Available records below:

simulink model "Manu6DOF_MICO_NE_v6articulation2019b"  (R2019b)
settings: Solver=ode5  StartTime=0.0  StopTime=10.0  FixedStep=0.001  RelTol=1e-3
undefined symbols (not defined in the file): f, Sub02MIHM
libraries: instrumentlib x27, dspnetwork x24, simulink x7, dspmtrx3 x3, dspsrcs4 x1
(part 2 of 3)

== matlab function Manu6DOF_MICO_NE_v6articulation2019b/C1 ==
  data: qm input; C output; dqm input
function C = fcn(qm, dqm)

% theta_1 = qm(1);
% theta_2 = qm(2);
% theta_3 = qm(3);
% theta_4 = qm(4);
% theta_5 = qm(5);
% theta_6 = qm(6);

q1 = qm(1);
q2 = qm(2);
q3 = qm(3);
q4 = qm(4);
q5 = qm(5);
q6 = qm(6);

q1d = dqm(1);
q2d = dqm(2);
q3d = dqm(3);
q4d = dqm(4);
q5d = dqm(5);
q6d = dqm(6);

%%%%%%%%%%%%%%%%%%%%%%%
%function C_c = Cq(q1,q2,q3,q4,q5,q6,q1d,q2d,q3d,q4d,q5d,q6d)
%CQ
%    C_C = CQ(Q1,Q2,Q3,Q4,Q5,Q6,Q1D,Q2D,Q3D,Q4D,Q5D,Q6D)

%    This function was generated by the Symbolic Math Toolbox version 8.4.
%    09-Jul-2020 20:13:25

End of Available records.

* [Task prompt] Retyping every line above exactly is all that is needed.

* [Solution below]
simulink model "Manu6DOF_MICO_NE_v6articulation2019b"  (R2019b)
settings: Solver=ode5  StartTime=0.0  StopTime=10.0  FixedStep=0.001  RelTol=1e-3
undefined symbols (not defined in the file): f, Sub02MIHM
libraries: instrumentlib x27, dspnetwork x24, simulink x7, dspmtrx3 x3, dspsrcs4 x1
(part 2 of 3)

== matlab function Manu6DOF_MICO_NE_v6articulation2019b/C1 ==
  data: qm input; C output; dqm input
function C = fcn(qm, dqm)

% theta_1 = qm(1);
% theta_2 = qm(2);
% theta_3 = qm(3);
% theta_4 = qm(4);
% theta_5 = qm(5);
% theta_6 = qm(6);

q1 = qm(1);
q2 = qm(2);
q3 = qm(3);
q4 = qm(4);
q5 = qm(5);
q6 = qm(6);

q1d = dqm(1);
q2d = dqm(2);
q3d = dqm(3);
q4d = dqm(4);
q5d = dqm(5);
q6d = dqm(6);

%%%%%%%%%%%%%%%%%%%%%%%
%function C_c = Cq(q1,q2,q3,q4,q5,q6,q1d,q2d,q3d,q4d,q5d,q6d)
%CQ
%    C_C = CQ(Q1,Q2,Q3,Q4,Q5,Q6,Q1D,Q2D,Q3D,Q4D,Q5D,Q6D)

%    This function was generated by the Symbolic Math Toolbox version 8.4.
%    09-Jul-2020 20:13:25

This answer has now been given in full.